Vier von fünf sehen keine Verbesserung ihrer ÖPNV-Anbindung
Eine Mehrheit gab an, dass ihre ÖPNV-Anbindung sich in den vergangenen Jahren nicht verbessert habe. Auf die Frage, ob sich die Anzahl der Abfahrten an der nächstgelegenen Haltestelle in den vergangenen fünf Jahren verbessert oder verschlechtert habe, antworteten 15 Prozent, dass sie sich verschlechtert habe. 68 Prozent sehen keine Veränderung. 17 Prozent sprachen von einer Verbesserung. "Es müssen also mehr Busse und Bahnen fahren, damit die Menschen auch tatsächlich umsteigen", sagte Flege.
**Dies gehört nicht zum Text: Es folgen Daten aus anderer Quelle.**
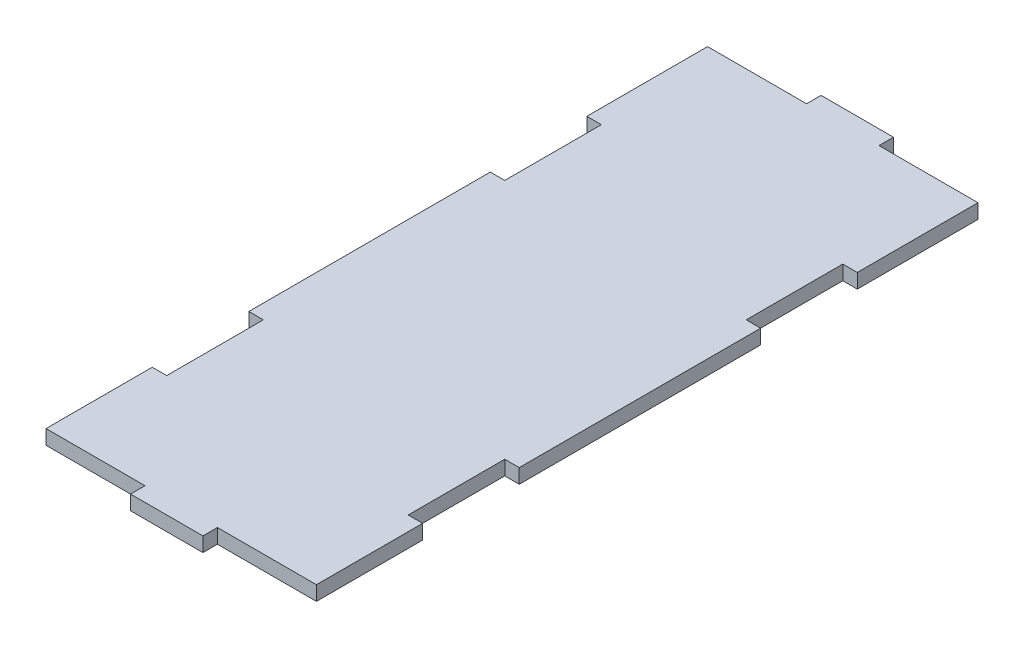
ISO-10303-21;
HEADER;
FILE_DESCRIPTION(('STEP AP214'),'2;1');
FILE_NAME('part.step','',(''),(''),'','','');
FILE_SCHEMA(('AUTOMOTIVE_DESIGN { 1 0 10303 214 1 1 1 1 }'));
ENDSEC;
DATA;
#1=APPLICATION_CONTEXT('core data for automotive mechanical design processes');
#2=APPLICATION_PROTOCOL_DEFINITION('international standard','automotive_design',2000,#1);
#3=PRODUCT_CONTEXT('',#1,'mechanical');
#4=PRODUCT('Part','Part','',(#3));
#5=PRODUCT_RELATED_PRODUCT_CATEGORY('part','',(#4));
#6=PRODUCT_DEFINITION_FORMATION('','',#4);
#7=PRODUCT_DEFINITION_CONTEXT('part definition',#1,'design');
#8=PRODUCT_DEFINITION('design','',#6,#7);
#9=PRODUCT_DEFINITION_SHAPE('','',#8);
#10=(LENGTH_UNIT() NAMED_UNIT(*) SI_UNIT(.MILLI.,.METRE.));
#11=(NAMED_UNIT(*) PLANE_ANGLE_UNIT() SI_UNIT($,.RADIAN.));
#12=(NAMED_UNIT(*) SI_UNIT($,.STERADIAN.) SOLID_ANGLE_UNIT());
#13=UNCERTAINTY_MEASURE_WITH_UNIT(LENGTH_MEASURE(1.E-05),#10,'distance_accuracy_value','');
#14=(GEOMETRIC_REPRESENTATION_CONTEXT(3) GLOBAL_UNCERTAINTY_ASSIGNED_CONTEXT((#13)) GLOBAL_UNIT_ASSIGNED_CONTEXT((#10,
#11,#12)) REPRESENTATION_CONTEXT('',''));
#15=CARTESIAN_POINT('',(0.,0.,0.));
#16=DIRECTION('',(0.,0.,1.));
#17=DIRECTION('',(1.,0.,0.));
#18=AXIS2_PLACEMENT_3D('',#15,#16,#17);
#19=CARTESIAN_POINT('',(-7.50000000000006,91.,0.));
#20=DIRECTION('',(0.,0.,-1.));
#21=DIRECTION('',(-1.,0.,0.));
#22=AXIS2_PLACEMENT_3D('',#19,#20,#21);
#23=PLANE('',#22);
#24=DIRECTION('',(1.,0.,0.));
#25=VECTOR('',#24,1.);
#26=CARTESIAN_POINT('',(-7.50000000000006,88.,0.));
#27=LINE('',#26,#25);
#28=CARTESIAN_POINT('',(-7.50000000000006,88.,0.));
#29=VERTEX_POINT('',#28);
#30=CARTESIAN_POINT('',(7.49999999999994,88.,0.));
#31=VERTEX_POINT('',#30);
#32=EDGE_CURVE('E248',#29,#31,#27,.T.);
#33=ORIENTED_EDGE('',*,*,#32,.T.);
#34=DIRECTION('',(0.,-1.,0.));
#35=VECTOR('',#34,1.);
#36=CARTESIAN_POINT('',(7.49999999999994,91.,0.));
#37=LINE('',#36,#35);
#38=CARTESIAN_POINT('',(7.49999999999994,91.,0.));
#39=VERTEX_POINT('',#38);
#40=EDGE_CURVE('E11',#39,#31,#37,.T.);
#41=ORIENTED_EDGE('',*,*,#40,.F.);
#42=DIRECTION('',(1.,0.,0.));
#43=VECTOR('',#42,1.);
#44=CARTESIAN_POINT('',(-7.50000000000006,91.,0.));
#45=LINE('',#44,#43);
#46=CARTESIAN_POINT('',(-7.50000000000006,91.,0.));
#47=VERTEX_POINT('',#46);
#48=EDGE_CURVE('E302',#47,#39,#45,.T.);
#49=ORIENTED_EDGE('',*,*,#48,.F.);
#50=DIRECTION('',(0.,-1.,0.));
#51=VECTOR('',#50,1.);
#52=CARTESIAN_POINT('',(-7.50000000000006,91.,0.));
#53=LINE('',#52,#51);
#54=EDGE_CURVE('E244',#47,#29,#53,.T.);
#55=ORIENTED_EDGE('',*,*,#54,.T.);
#56=EDGE_LOOP('',(#33,#41,#49,#55));
#57=FACE_BOUND('',#56,.T.);
#58=ADVANCED_FACE('F32',(#57),#23,.F.);
#59=CARTESIAN_POINT('',(7.49999999999994,91.,-3.));
#60=DIRECTION('',(-1.,0.,0.));
#61=DIRECTION('',(0.,-1.,0.));
#62=AXIS2_PLACEMENT_3D('',#59,#60,#61);
#63=PLANE('',#62);
#64=DIRECTION('',(0.,0.,-1.));
#65=VECTOR('',#64,1.);
#66=CARTESIAN_POINT('',(7.49999999999994,88.,-3.));
#67=LINE('',#66,#65);
#68=CARTESIAN_POINT('',(7.49999999999994,88.,-3.));
#69=VERTEX_POINT('',#68);
#70=EDGE_CURVE('E251',#31,#69,#67,.T.);
#71=ORIENTED_EDGE('',*,*,#70,.T.);
#72=DIRECTION('',(0.,-1.,0.));
#73=VECTOR('',#72,1.);
#74=CARTESIAN_POINT('',(7.49999999999994,91.,-3.));
#75=LINE('',#74,#73);
#76=CARTESIAN_POINT('',(7.49999999999994,91.,-3.));
#77=VERTEX_POINT('',#76);
#78=EDGE_CURVE('E40',#77,#69,#75,.T.);
#79=ORIENTED_EDGE('',*,*,#78,.F.);
#80=DIRECTION('',(0.,0.,-1.));
#81=VECTOR('',#80,1.);
#82=CARTESIAN_POINT('',(7.49999999999994,91.,-3.));
#83=LINE('',#82,#81);
#84=EDGE_CURVE('E151',#39,#77,#83,.T.);
#85=ORIENTED_EDGE('',*,*,#84,.F.);
#86=ORIENTED_EDGE('',*,*,#40,.T.);
#87=EDGE_LOOP('',(#71,#79,#85,#86));
#88=FACE_BOUND('',#87,.T.);
#89=ADVANCED_FACE('F460',(#88),#63,.F.);
#90=CARTESIAN_POINT('',(27.9999999999999,91.,-3.));
#91=DIRECTION('',(0.,0.,-1.));
#92=DIRECTION('',(-1.,0.,0.));
#93=AXIS2_PLACEMENT_3D('',#90,#91,#92);
#94=PLANE('',#93);
#95=DIRECTION('',(1.,0.,0.));
#96=VECTOR('',#95,1.);
#97=CARTESIAN_POINT('',(27.9999999999999,88.,-3.));
#98=LINE('',#97,#96);
#99=CARTESIAN_POINT('',(27.9999999999999,88.,-3.));
#100=VERTEX_POINT('',#99);
#101=EDGE_CURVE('E253',#69,#100,#98,.T.);
#102=ORIENTED_EDGE('',*,*,#101,.T.);
#103=DIRECTION('',(0.,-1.,0.));
#104=VECTOR('',#103,1.);
#105=CARTESIAN_POINT('',(27.9999999999999,91.,-3.));
#106=LINE('',#105,#104);
#107=CARTESIAN_POINT('',(27.9999999999999,91.,-3.));
#108=VERTEX_POINT('',#107);
#109=EDGE_CURVE('E369',#108,#100,#106,.T.);
#110=ORIENTED_EDGE('',*,*,#109,.F.);
#111=DIRECTION('',(1.,0.,0.));
#112=VECTOR('',#111,1.);
#113=CARTESIAN_POINT('',(27.9999999999999,91.,-3.));
#114=LINE('',#113,#112);
#115=EDGE_CURVE('E377',#77,#108,#114,.T.);
#116=ORIENTED_EDGE('',*,*,#115,.F.);
#117=ORIENTED_EDGE('',*,*,#78,.T.);
#118=EDGE_LOOP('',(#102,#110,#116,#117));
#119=FACE_BOUND('',#118,.T.);
#120=ADVANCED_FACE('F375',(#119),#94,.F.);
#121=CARTESIAN_POINT('',(27.9999999999999,91.,-3.));
#122=DIRECTION('',(-1.,0.,0.));
#123=DIRECTION('',(0.,-1.,0.));
#124=AXIS2_PLACEMENT_3D('',#121,#122,#123);
#125=PLANE('',#124);
#126=DIRECTION('',(0.,0.,-1.));
#127=VECTOR('',#126,1.);
#128=CARTESIAN_POINT('',(27.9999999999999,88.,-3.));
#129=LINE('',#128,#127);
#130=CARTESIAN_POINT('',(27.9999999999999,88.,-25.));
#131=VERTEX_POINT('',#130);
#132=EDGE_CURVE('E255',#100,#131,#129,.T.);
#133=ORIENTED_EDGE('',*,*,#132,.T.);
#134=DIRECTION('',(0.,-1.,0.));
#135=VECTOR('',#134,1.);
#136=CARTESIAN_POINT('',(27.9999999999999,91.,-25.));
#137=LINE('',#136,#135);
#138=CARTESIAN_POINT('',(27.9999999999999,91.,-25.));
#139=VERTEX_POINT('',#138);
#140=EDGE_CURVE('E366',#139,#131,#137,.T.);
#141=ORIENTED_EDGE('',*,*,#140,.F.);
#142=DIRECTION('',(0.,0.,-1.));
#143=VECTOR('',#142,1.);
#144=CARTESIAN_POINT('',(27.9999999999999,91.,-3.));
#145=LINE('',#144,#143);
#146=EDGE_CURVE('E395',#108,#139,#145,.T.);
#147=ORIENTED_EDGE('',*,*,#146,.F.);
#148=ORIENTED_EDGE('',*,*,#109,.T.);
#149=EDGE_LOOP('',(#133,#141,#147,#148));
#150=FACE_BOUND('',#149,.T.);
#151=ADVANCED_FACE('F386',(#150),#125,.F.);
#152=CARTESIAN_POINT('',(24.9999999999999,91.,-25.));
#153=DIRECTION('',(0.,0.,1.));
#154=DIRECTION('',(1.,0.,0.));
#155=AXIS2_PLACEMENT_3D('',#152,#153,#154);
#156=PLANE('',#155);
#157=DIRECTION('',(-1.,0.,0.));
#158=VECTOR('',#157,1.);
#159=CARTESIAN_POINT('',(24.9999999999999,88.,-25.));
#160=LINE('',#159,#158);
#161=CARTESIAN_POINT('',(24.9999999999999,88.,-25.));
#162=VERTEX_POINT('',#161);
#163=EDGE_CURVE('E257',#131,#162,#160,.T.);
#164=ORIENTED_EDGE('',*,*,#163,.T.);
#165=DIRECTION('',(0.,-1.,0.));
#166=VECTOR('',#165,1.);
#167=CARTESIAN_POINT('',(24.9999999999999,91.,-25.));
#168=LINE('',#167,#166);
#169=CARTESIAN_POINT('',(24.9999999999999,91.,-25.));
#170=VERTEX_POINT('',#169);
#171=EDGE_CURVE('E363',#170,#162,#168,.T.);
#172=ORIENTED_EDGE('',*,*,#171,.F.);
#173=DIRECTION('',(-1.,0.,0.));
#174=VECTOR('',#173,1.);
#175=CARTESIAN_POINT('',(24.9999999999999,91.,-25.));
#176=LINE('',#175,#174);
#177=EDGE_CURVE('E392',#139,#170,#176,.T.);
#178=ORIENTED_EDGE('',*,*,#177,.F.);
#179=ORIENTED_EDGE('',*,*,#140,.T.);
#180=EDGE_LOOP('',(#164,#172,#178,#179));
#181=FACE_BOUND('',#180,.T.);
#182=ADVANCED_FACE('F390',(#181),#156,.F.);
#183=CARTESIAN_POINT('',(24.9999999999999,91.,-45.));
#184=DIRECTION('',(-1.,0.,0.));
#185=DIRECTION('',(0.,0.,1.));
#186=AXIS2_PLACEMENT_3D('',#183,#184,#185);
#187=PLANE('',#186);
#188=DIRECTION('',(0.,0.,-1.));
#189=VECTOR('',#188,1.);
#190=CARTESIAN_POINT('',(24.9999999999999,88.,-45.));
#191=LINE('',#190,#189);
#192=CARTESIAN_POINT('',(24.9999999999999,88.,-45.));
#193=VERTEX_POINT('',#192);
#194=EDGE_CURVE('E259',#162,#193,#191,.T.);
#195=ORIENTED_EDGE('',*,*,#194,.T.);
#196=DIRECTION('',(0.,-1.,0.));
#197=VECTOR('',#196,1.);
#198=CARTESIAN_POINT('',(24.9999999999999,91.,-45.));
#199=LINE('',#198,#197);
#200=CARTESIAN_POINT('',(24.9999999999999,91.,-45.));
#201=VERTEX_POINT('',#200);
#202=EDGE_CURVE('E360',#201,#193,#199,.T.);
#203=ORIENTED_EDGE('',*,*,#202,.F.);
#204=DIRECTION('',(0.,0.,-1.));
#205=VECTOR('',#204,1.);
#206=CARTESIAN_POINT('',(24.9999999999999,91.,-45.));
#207=LINE('',#206,#205);
#208=EDGE_CURVE('E394',#170,#201,#207,.T.);
#209=ORIENTED_EDGE('',*,*,#208,.F.);
#210=ORIENTED_EDGE('',*,*,#171,.T.);
#211=EDGE_LOOP('',(#195,#203,#209,#210));
#212=FACE_BOUND('',#211,.T.);
#213=ADVANCED_FACE('F473',(#212),#187,.F.);
#214=CARTESIAN_POINT('',(27.9999999999999,91.,-45.));
#215=DIRECTION('',(0.,0.,-1.));
#216=DIRECTION('',(-1.,0.,0.));
#217=AXIS2_PLACEMENT_3D('',#214,#215,#216);
#218=PLANE('',#217);
#219=DIRECTION('',(1.,0.,0.));
#220=VECTOR('',#219,1.);
#221=CARTESIAN_POINT('',(27.9999999999999,88.,-45.));
#222=LINE('',#221,#220);
#223=CARTESIAN_POINT('',(27.9999999999999,88.,-45.));
#224=VERTEX_POINT('',#223);
#225=EDGE_CURVE('E261',#193,#224,#222,.T.);
#226=ORIENTED_EDGE('',*,*,#225,.T.);
#227=DIRECTION('',(0.,-1.,0.));
#228=VECTOR('',#227,1.);
#229=CARTESIAN_POINT('',(27.9999999999999,91.,-45.));
#230=LINE('',#229,#228);
#231=CARTESIAN_POINT('',(27.9999999999999,91.,-45.));
#232=VERTEX_POINT('',#231);
#233=EDGE_CURVE('E357',#232,#224,#230,.T.);
#234=ORIENTED_EDGE('',*,*,#233,.F.);
#235=DIRECTION('',(1.,0.,0.));
#236=VECTOR('',#235,1.);
#237=CARTESIAN_POINT('',(27.9999999999999,91.,-45.));
#238=LINE('',#237,#236);
#239=EDGE_CURVE('E397',#201,#232,#238,.T.);
#240=ORIENTED_EDGE('',*,*,#239,.F.);
#241=ORIENTED_EDGE('',*,*,#202,.T.);
#242=EDGE_LOOP('',(#226,#234,#240,#241));
#243=FACE_BOUND('',#242,.T.);
#244=ADVANCED_FACE('F476',(#243),#218,.F.);
#245=CARTESIAN_POINT('',(27.9999999999999,91.,-45.));
#246=DIRECTION('',(-1.,0.,0.));
#247=DIRECTION('',(0.,-1.,0.));
#248=AXIS2_PLACEMENT_3D('',#245,#246,#247);
#249=PLANE('',#248);
#250=DIRECTION('',(0.,0.,-1.));
#251=VECTOR('',#250,1.);
#252=CARTESIAN_POINT('',(27.9999999999999,88.,-45.));
#253=LINE('',#252,#251);
#254=CARTESIAN_POINT('',(27.9999999999999,88.,-95.));
#255=VERTEX_POINT('',#254);
#256=EDGE_CURVE('E263',#224,#255,#253,.T.);
#257=ORIENTED_EDGE('',*,*,#256,.T.);
#258=DIRECTION('',(0.,-1.,0.));
#259=VECTOR('',#258,1.);
#260=CARTESIAN_POINT('',(27.9999999999999,91.,-95.));
#261=LINE('',#260,#259);
#262=CARTESIAN_POINT('',(27.9999999999999,91.,-95.));
#263=VERTEX_POINT('',#262);
#264=EDGE_CURVE('E354',#263,#255,#261,.T.);
#265=ORIENTED_EDGE('',*,*,#264,.F.);
#266=DIRECTION('',(0.,0.,-1.));
#267=VECTOR('',#266,1.);
#268=CARTESIAN_POINT('',(27.9999999999999,91.,-45.));
#269=LINE('',#268,#267);
#270=EDGE_CURVE('E403',#232,#263,#269,.T.);
#271=ORIENTED_EDGE('',*,*,#270,.F.);
#272=ORIENTED_EDGE('',*,*,#233,.T.);
#273=EDGE_LOOP('',(#257,#265,#271,#272));
#274=FACE_BOUND('',#273,.T.);
#275=ADVANCED_FACE('F480',(#274),#249,.F.);
#276=CARTESIAN_POINT('',(24.9999999999999,91.,-95.));
#277=DIRECTION('',(0.,0.,1.));
#278=DIRECTION('',(1.,0.,0.));
#279=AXIS2_PLACEMENT_3D('',#276,#277,#278);
#280=PLANE('',#279);
#281=DIRECTION('',(-1.,0.,0.));
#282=VECTOR('',#281,1.);
#283=CARTESIAN_POINT('',(24.9999999999999,88.,-95.));
#284=LINE('',#283,#282);
#285=CARTESIAN_POINT('',(24.9999999999999,88.,-95.));
#286=VERTEX_POINT('',#285);
#287=EDGE_CURVE('E265',#255,#286,#284,.T.);
#288=ORIENTED_EDGE('',*,*,#287,.T.);
#289=DIRECTION('',(0.,-1.,0.));
#290=VECTOR('',#289,1.);
#291=CARTESIAN_POINT('',(24.9999999999999,91.,-95.));
#292=LINE('',#291,#290);
#293=CARTESIAN_POINT('',(24.9999999999999,91.,-95.));
#294=VERTEX_POINT('',#293);
#295=EDGE_CURVE('E351',#294,#286,#292,.T.);
#296=ORIENTED_EDGE('',*,*,#295,.F.);
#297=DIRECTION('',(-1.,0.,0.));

"Der Ausbau des ÖPNV ist unumgänglich, auch im Sinne der Klimapolitik", sagte Tina Löffelsend vom Bund für Umwelt und Naturschutz Deutschland (BUND). Dass die Menschen den ÖPNV nutzen wollten, zeige auch das Deutschlandticket.
Anstatt mehr Fahrten anzubieten, prüfen derzeit allerdings mehrere Bundesländer, das Angebot im Nah- und Regionalverkehr zu reduzieren. Grund dafür sind unter anderem die gestiegenen Kosten für Personal, Instandhaltung und Energie.
Mehr Luft nach oben im Regionalverkehr sieht auch die Deutsche Bahn. "Das Angebot im ÖPNV kann noch besser werden", sagte Evelyn Palla, Vorständin Regionalverkehr bei dem bundeseigenen Konzern. "Und wenn es besser wird, fahren deutlich mehr Menschen mit Bus und Bahn".
Palla verwies auf das Pilotprojekt "Smile24" in Schleswig-Holstein, das Menschen auch abseits großer Städte und ohne eigenes Auto rund um die Uhr mobil machen soll. Dazu gibt es zusätzliche Buslinien, On-demand-Shuttles sowie Kurzzeitmieten von Autos und Rädern.
Sichere Radwege sind aus Sicht vieler Radler Mangelware
Die Teilnehmer der Umfrage wurden zudem gefragt, ob sie sich im Rad- und Fußverkehr sicher fühlen. Nicht einmal jeder Zweite (44 Prozent) gab an, dass ihm ausreichend sichere Radwege zur Verfügung stehen. Mehr als jeder vierte Radfahrer (27 Prozent) sieht in diesem Bereich Rückschritte und fühlt sich unsicherer als vor fünf Jahren. Fast die Hälfte (48 Prozent) sieht keine Veränderung, wohingegen sich jeder Vierte sicherer fühlt (25 Prozent).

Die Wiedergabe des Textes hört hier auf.